Resolves time string of the form '<NUMBER>s' or '<NUMBER>m' and returns the time in seconds.

Parameters:

time_str (str) – A time string, which must be of the form '<NUMBER>s' or '<NUMBER>m' where '<NUMBER>' is a valid number

Return type:

float

Returns:

Time in seconds

Author:

Vladimir Likic

window_sele_points(ic, window_sele, half_window=False)[source]

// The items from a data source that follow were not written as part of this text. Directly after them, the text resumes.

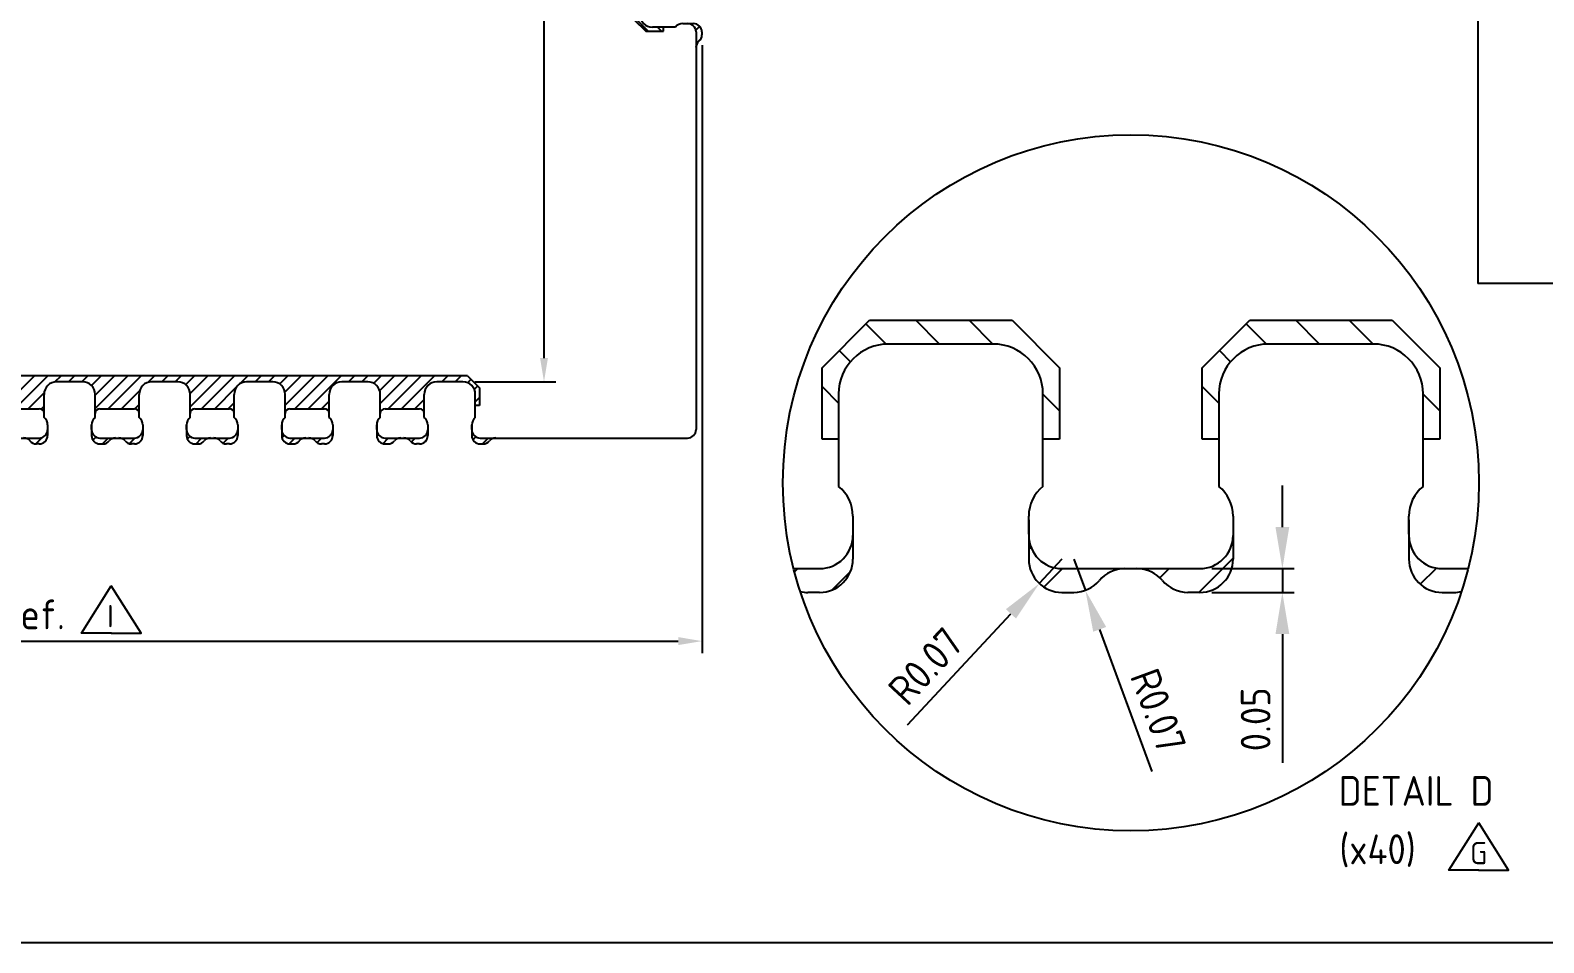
# Model space of a CAD drawing. Extents: x 1467 to 1931, y 226 to 529.
# Drawn here: x 1600.2 to 1727.6, y 225.7 to 302.5 of the extents above; entities that cross this region are included whole.
import ezdxf

# ---------------------------------------------------------------- set-up
doc = ezdxf.new("R2010")
doc.units = 0
doc.linetypes.add('AXES', pattern=[2, 1.25, -0.25, 0.25, -0.25])
doc.linetypes.add('CONTINU', pattern=[0])
for name, color, linetype, lineweight in [('AXIS', 4, 'AXES', 25), ('DIMENSIONS', 3, 'Continuous', 25), ('NOTES', 6, 'CONTINU', 25)]:
    doc.layers.add(name, color=color, linetype=linetype, lineweight=lineweight)
for name, color, linetype in [('bottom etching', 64, 'Continuous'), ('bottom leadframe', 7, 'Continuous'), ('leadframe', 7, 'Continuous'), ('top leadframe', 5, 'Continuous')]:
    doc.layers.add(name, color=color, linetype=linetype)
doc.styles.get("Standard").update_dxf_attribs({"font": 'ISOCP.SHX', "bigfont": 'bigfont.shx'})
doc.dimstyles.new('ST standard', dxfattribs={"dimtxt": 2.5, "dimasz": 3.5, "dimexe": 1, "dimexo": 1, "dimgap": 1, "dimtad": 1, "dimdec": 3, "dimdsep": 46, "dimtxsty": 'STANDARD', "dimcen": 0, "dimclrd": 3, "dimclre": 3, "dimclrt": 1, "dimadec": 0, "dimazin": 2, "dimtol": 1, "dimtp": 0.1, "dimtm": 0.1, "dimtfac": 0.8, "dimtdec": 3, "dimtmove": 0, "dimatfit": 3, "dimfxl": 1, "dimtolj": 2, "dimlwd": -1, "dimlwe": -1, "dimarcsym": 1})
doc.dimstyles.new('ST standard$0', dxfattribs={"dimtxt": 2.5, "dimasz": 2, "dimexe": 1, "dimexo": 1, "dimgap": 1, "dimtad": 1, "dimdec": 3, "dimdsep": 46, "dimtxsty": 'STANDARD', "dimcen": 0, "dimclrd": 3, "dimclre": 3, "dimclrt": 1, "dimadec": 0, "dimazin": 2, "dimtol": 1, "dimtp": 0.1, "dimtm": 0.1, "dimtfac": 0.8, "dimtdec": 3, "dimtmove": 0, "dimatfit": 3, "dimfxl": 1, "dimtolj": 2, "dimlwd": -1, "dimlwe": -1, "dimarcsym": 1})
pattern_1 = [(45, (31.19803, -19.82155), (-0.0561266, 0.0561266), [])]
pattern_2 = [(0, (33.5826, -10.5325), (0, 6.985), [5.08, -1.905]), (90, (33.5826, -10.5325), (-6.985, 4e-16), [5.08, -1.905])]
pattern_3 = [(45, (33.58265, -10.53248), (-0.0561266, 0.0561266), [])]

# ---------------------------------------------------------------- blocks, each defined once
blk = doc.blocks.new('*D38')
at = {"layer": 'AXIS', "color": 3, "linetype": 'ByBlock', "ltscale": 50, "transparency": 16777216}
for p, q in [((1637.65, 384.91), (1644.48, 384.91)), ((1643.48, 382.91), (1643.48, 274.91)), ((1637.65, 272.91), (1644.48, 272.91))]:
    blk.add_line(p, q, dxfattribs=at)
at = {"layer": 'AXIS', "color": 3, "ltscale": 50, "transparency": 16777216}
for points in [[(1643.15, 382.91), (1643.81, 382.91), (1643.48, 384.91)], [(1643.15, 274.91), (1643.81, 274.91), (1643.48, 272.91)]]:
    blk.add_solid(points, dxfattribs=at)
at = {"layer": 'Defpoints', "color": 0, "ltscale": 50, "transparency": 16777216}
for p in [(1636.65, 384.91), (1636.65, 272.91), (1643.48, 272.91)]:
    blk.add_point(p, dxfattribs=at)
at = {"layer": 'AXIS', "color": 1, "ltscale": 50, "transparency": 16777216, "insert": (1641.23, 328.91), "char_height": 2.5, "attachment_point": 5, "rotation": 90}
blk.add_mtext('\\A2;11.2{\\H2;±0.05}', dxfattribs=at)
blk = doc.blocks.new('lead bottom new')
at = {"layer": 'bottom leadframe'}
for p, q in [((-0.522, 0.255), (-0.522, 0.28)), ((-0.37, 0.185), (-0.452, 0.185)), ((-0.37, -0.185), (-0.452, -0.185)), ((-0.522, -0.255), (-0.522, -0.28))]:
    blk.add_line(p, q, dxfattribs=at)
at = {"layer": 'bottom leadframe', "ltscale": 50}
for p, q in [((-0.362, 0.185), (-0.392, 0.185)), ((-0.299, 0.215), (-0.105, 0.215)), ((0, -0.11), (0, 0.11)), ((-0.4, -0.185), (-0.362, -0.185)), ((-0.362, -0.185), (-0.392, -0.185)), ((-0.299, -0.215), (-0.105, -0.215))]:
    blk.add_line(p, q, dxfattribs=at)
for centre, radius, start, end in [((-0.542, 0.387), 0.07, 310.0052, 0), ((-0.403, 0.255), 0.07, 180, 270), ((-0.362, 0.265), 0.08, 270, 321.3178), ((-0.105, 0.11), 0.105, 0, 90), ((-0.105, -0.11), 0.105, 270, 0), ((-0.403, -0.255), 0.07, 90, 180), ((-0.362, -0.265), 0.08, 38.6822, 90), ((-0.542, -0.387), 0.07, 0, 49.9948)]:
    blk.add_arc(centre, radius, start, end, dxfattribs=at)
at = {"layer": 'bottom leadframe'}
for centre, start, end in [((-0.452, 0.28), 130.0052, 180), ((-0.452, 0.255), 180, 270), ((-0.452, -0.255), 90, 180), ((-0.452, -0.28), 180, 229.9948)]:
    blk.add_arc(centre, 0.07, start, end, dxfattribs=at)
blk = doc.blocks.new('power bar bottom leadframe')
at = {"layer": 'bottom etching', "ltscale": 50}
h = blk.add_hatch(dxfattribs=at)
h.set_pattern_fill('ANSI31', color=256, scale=0.025)
h.set_pattern_definition([(45, (31.98265, -4.98248), (-0.0561266, 0.0561266), [])])
h.paths.add_polyline_path([(-0.91, -0.05), (-0.69, -0.05, -0.414214), (-0.585, -0.155), (-0.585, -0.316, -0.414214), (-0.545, -0.276), (-0.255, -0.276, -0.414214), (-0.215, -0.316), (-0.215, -0.155, -0.414214), (-0.11, -0.05), (0.11, -0.05, -0.414214), (0.215, -0.155), (0.215, -0.316, -0.414214), (0.255, -0.276), (0.545, -0.276, -0.414214), (0.585, -0.316), (0.585, -0.155, -0.414214), (0.69, -0.05), (0.91, -0.05, -0.414214), (1.015, -0.155), (1.015, -0.316, -0.414214), (1.055, -0.276), (1.345, -0.276, -0.414214), (1.385, -0.316), (1.385, -0.155, -0.414214), (1.49, -0.05), (1.71, -0.05, -0.414214), (1.815, -0.155), (1.815, -0.316, -0.414214), (1.855, -0.276), (2.145, -0.276, -0.414214), (2.185, -0.316), (2.185, -0.155, -0.414214), (2.29, -0.05), (2.51, -0.05, -0.414214), (2.615, -0.155), (2.615, -0.25), (2.65, -0.25), (2.65, -0.1), (2.55, 0), (-2.55, 0), (-2.65, -0.1), (-2.65, -0.25), (-2.615, -0.25), (-2.615, -0.155, -0.414214), (-2.51, -0.05), (-2.29, -0.05, -0.414214), (-2.185, -0.155), (-2.185, -0.316, -0.414214), (-2.145, -0.276), (-1.855, -0.276, -0.414214), (-1.815, -0.316), (-1.815, -0.155, -0.414214), (-1.71, -0.05), (-1.49, -0.05, -0.414214), (-1.385, -0.155), (-1.385, -0.316, -0.414214), (-1.345, -0.276), (-1.055, -0.276, -0.414214), (-1.015, -0.316), (-1.015, -0.155, -0.414214)])
h = blk.add_hatch(dxfattribs=at)
h.set_pattern_fill('ANSI31', color=256, scale=0.025)
h.set_pattern_definition(pattern_1)
h.paths.add_polyline_path([(-2.013, -0.523), (-2.145, -0.523, -0.414214), (-2.215, -0.453), (-2.215, -0.503, 0.414214), (-2.145, -0.573), (-2.12, -0.573, 0.221671), (-2.066, -0.548, -0.221671)])
h = blk.add_hatch(dxfattribs=at)
h.set_pattern_fill('ANSI31', color=256, scale=0.025)
h.set_pattern_definition(pattern_1)
h.paths.add_polyline_path([(-1.785, -0.503), (-1.785, -0.453, -0.414214), (-1.855, -0.523), (-1.987, -0.523, -0.221671), (-1.934, -0.548, 0.221671), (-1.88, -0.573), (-1.855, -0.573, 0.414214)])
h = blk.add_hatch(dxfattribs=at)
h.set_pattern_fill('ANSI31', color=256, scale=0.025)
h.set_pattern_definition(pattern_1)
h.paths.add_polyline_path([(-1.266, -0.548, -0.221671), (-1.213, -0.523), (-1.345, -0.523, -0.414214), (-1.415, -0.453), (-1.415, -0.503, 0.414214), (-1.345, -0.573), (-1.32, -0.573, 0.221671)])
h = blk.add_hatch(dxfattribs=at)
h.set_pattern_fill('ANSI31', color=256, scale=0.025)
h.set_pattern_definition(pattern_1)
h.paths.add_polyline_path([(-0.985, -0.503), (-0.985, -0.453, -0.414214), (-1.055, -0.523), (-1.187, -0.523, -0.221671), (-1.134, -0.548, 0.221671), (-1.08, -0.573), (-1.055, -0.573, 0.414214)])
h = blk.add_hatch(dxfattribs=at)
h.set_pattern_fill('ANSI31', color=256, scale=0.025)
h.set_pattern_definition(pattern_1)
h.paths.add_polyline_path([(-0.466, -0.548, -0.221671), (-0.413, -0.523), (-0.545, -0.523, -0.414214), (-0.615, -0.453), (-0.615, -0.503, 0.414214), (-0.545, -0.573), (-0.52, -0.573, 0.221671)])
h = blk.add_hatch(dxfattribs=at)
h.set_pattern_fill('ANSI31', color=256, scale=0.025)
h.set_pattern_definition(pattern_1)
h.paths.add_polyline_path([(-0.185, -0.503), (-0.185, -0.453, -0.414214), (-0.255, -0.523), (-0.387, -0.523, -0.221671), (-0.334, -0.548, 0.221671), (-0.28, -0.573), (-0.255, -0.573, 0.414214)])
h = blk.add_hatch(dxfattribs=at)
h.set_pattern_fill('ANSI31', color=256, scale=0.025)
h.set_pattern_definition(pattern_1)
h.paths.add_polyline_path([(0.334, -0.548, -0.221671), (0.387, -0.523), (0.255, -0.523, -0.414214), (0.185, -0.453), (0.185, -0.503, 0.414214), (0.255, -0.573), (0.28, -0.573, 0.221671)])
h = blk.add_hatch(dxfattribs=at)
h.set_pattern_fill('ANSI31', color=256, scale=0.025)
h.set_pattern_definition(pattern_1)
h.paths.add_polyline_path([(0.615, -0.503), (0.615, -0.453, -0.414214), (0.545, -0.523), (0.413, -0.523, -0.221671), (0.466, -0.548, 0.221671), (0.52, -0.573), (0.545, -0.573, 0.414214)])
h = blk.add_hatch(dxfattribs=at)
h.set_pattern_fill('ANSI31', color=256, scale=0.025)
h.set_pattern_definition(pattern_1)
h.paths.add_polyline_path([(1.134, -0.548, -0.221671), (1.187, -0.523), (1.055, -0.523, -0.414214), (0.985, -0.453), (0.985, -0.503, 0.414214), (1.055, -0.573), (1.08, -0.573, 0.221671)])
h = blk.add_hatch(dxfattribs=at)
h.set_pattern_fill('ANSI31', color=256, scale=0.025)
h.set_pattern_definition(pattern_1)
h.paths.add_polyline_path([(1.415, -0.503), (1.415, -0.453, -0.414214), (1.345, -0.523), (1.213, -0.523, -0.221671), (1.266, -0.548, 0.221671), (1.32, -0.573), (1.345, -0.573, 0.414214)])
h = blk.add_hatch(dxfattribs=at)
h.set_pattern_fill('ANSI31', color=256, scale=0.025)
h.set_pattern_definition(pattern_1)
h.paths.add_polyline_path([(1.934, -0.548, -0.221671), (1.987, -0.523), (1.855, -0.523, -0.414214), (1.785, -0.453), (1.785, -0.503, 0.414214), (1.855, -0.573), (1.88, -0.573, 0.221671)])
h = blk.add_hatch(dxfattribs=at)
h.set_pattern_fill('ANSI31', color=256, scale=0.025)
h.set_pattern_definition(pattern_1)
h.paths.add_polyline_path([(2.215, -0.503), (2.215, -0.453, -0.414214), (2.145, -0.523), (2.013, -0.523, -0.221671), (2.066, -0.548, 0.221671), (2.12, -0.573), (2.145, -0.573, 0.414214)])
at = {"layer": 'bottom leadframe', "ltscale": 50}
for p, q in [((-2.65, -0.25), (-2.615, -0.25)), ((-2.65, -0.25), (-2.615, -0.25)), ((2.65, -0.25), (2.615, -0.25)), ((-1.385, -0.316), (-1.385, -0.35)), ((-2.585, -0.412, 0), (-2.585, -0.443, 0))]:
    blk.add_line(p, q, dxfattribs=at)
at = {"layer": 'leadframe', "ltscale": 50}
for p, q in [((-2.145, -0.523), (-1.855, -0.523)), ((-1.345, -0.523), (-1.055, -0.523)), ((-0.545, -0.523), (-0.255, -0.523)), ((0.255, -0.523), (0.545, -0.523)), ((1.055, -0.523), (1.345, -0.523)), ((1.855, -0.523), (2.145, -0.523))]:
    blk.add_line(p, q, dxfattribs=at)
at = {"layer": 'top leadframe', "ltscale": 50}
for p, q in [((-2.55, 0), (-2.65, -0.1)), ((2.55, 0), (-2.55, 0)), ((2.55, 0), (2.65, -0.1)), ((-2.65, -0.1), (-2.65, -0.25)), ((2.65, -0.1), (2.65, -0.25)), ((-2.65, -0.25), (-2.615, -0.25)), ((2.65, -0.25), (2.615, -0.25)), ((-2.145, -0.276), (-1.855, -0.276)), ((-1.345, -0.276), (-1.055, -0.276)), ((-0.545, -0.276), (-0.255, -0.276)), ((0.255, -0.276), (0.545, -0.276)), ((1.055, -0.276), (1.345, -0.276)), ((1.855, -0.276), (2.145, -0.276))]:
    blk.add_line(p, q, dxfattribs=at)
for centre, start, end in [((-2.145, -0.316), 90, 180), ((-1.855, -0.316), 0, 90), ((-1.345, -0.316), 90, 180), ((-1.055, -0.316), 0, 90), ((-0.545, -0.316), 90, 180), ((-0.255, -0.316), 0, 90), ((0.255, -0.316), 90, 180), ((0.545, -0.316), 0, 90), ((1.055, -0.316), 90, 180), ((1.345, -0.316), 0, 90), ((1.855, -0.316), 90, 180), ((2.145, -0.316), 0, 90)]:
    blk.add_arc(centre, 0.04, start, end, dxfattribs=at)
at = {"layer": 'leadframe', "ltscale": 50, "rotation": 90}
for p in [(-2.4, -0.05), (-1.6, -0.05), (-0.8, -0.05), (0, -0.05), (0.8, -0.05), (1.6, -0.05), (2.4, -0.05)]:
    blk.add_blockref('lead bottom new', p, dxfattribs=at)
blk = doc.blocks.new('bottom leadframe')
at = {"layer": 'bottom etching', "ltscale": 50}
h = blk.add_hatch(dxfattribs=at)
h.set_pattern_fill('ANSI31', color=256, scale=0.025)
h.set_pattern_definition(pattern_3)
h.paths.add_polyline_path([(6.123, -2.655, 0.414214), (6.053, -2.585), (6.003, -2.585, -0.414214), (6.073, -2.655), (6.073, -2.787, -0.221671), (6.098, -2.734, 0.221671), (6.123, -2.68)])
h = blk.add_hatch(dxfattribs=at)
h.set_pattern_fill('ANSI31', color=256, scale=0.025)
h.set_pattern_definition(pattern_3)
h.paths.add_polyline_path([(4.387, -6.073), (4.255, -6.073, -0.414214), (4.185, -6.003), (4.185, -6.053, 0.414214), (4.255, -6.123), (4.28, -6.123, 0.221671), (4.334, -6.098, -0.221671)])
at = {"layer": 'leadframe', "ltscale": 50, "true_color": 0x727430}
h = blk.add_hatch(dxfattribs=at)
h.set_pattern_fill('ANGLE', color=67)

Converts window selection parameter into points based on the time step in an ion chromatogram

Parameters:
  • ic (IonChromatogram) – ion chromatogram object relevant for the conversion

  • window_sele (Union[int, str]) – The window selection parameter. This can be an integer or time string. If an integer, taken as the number of points. If a string, must of the form '<NUMBER>s' or '<NUMBER>m', specifying a time in seconds or minutes, respectively

  • half_window (bool) – Specifies whether to return half-window. Default False.

Return type:

int

Returns:

The number of points in the window

Author:

Vladimir Likic

pyms.Utils.Utils

General utility functions.

Functions:

is_number(obj)

Returns whether obj is a numerical value (int, :class`float` etc).

is_path(obj)

Returns whether the object represents a filesystem path.

is_sequence(obj)

Returns whether the object is a Sequence, and not a string.

is_sequence_of(obj, of)

Returns whether the object is a Sequence, and not a string, of the given type.

is_number(obj)[source]

Returns whether obj is a numerical value (int, :class`float` etc).

Parameters:

obj (Any)

Return type:

bool

is_path(obj)[source]

Returns whether the object represents a filesystem path.

Parameters:

obj (Any)

Return type:

bool

is_sequence(obj)[source]

Returns whether the object is a Sequence, and not a string.

Parameters:

obj (Any)

Return type:

bool

is_sequence_of(obj, of)[source]

Returns whether the object is a Sequence, and not a string, of the given type.

Parameters:
Return type:

bool

pyms.Utils.Utils.signedinteger

numpy.signedinteger at runtime; int when type checking.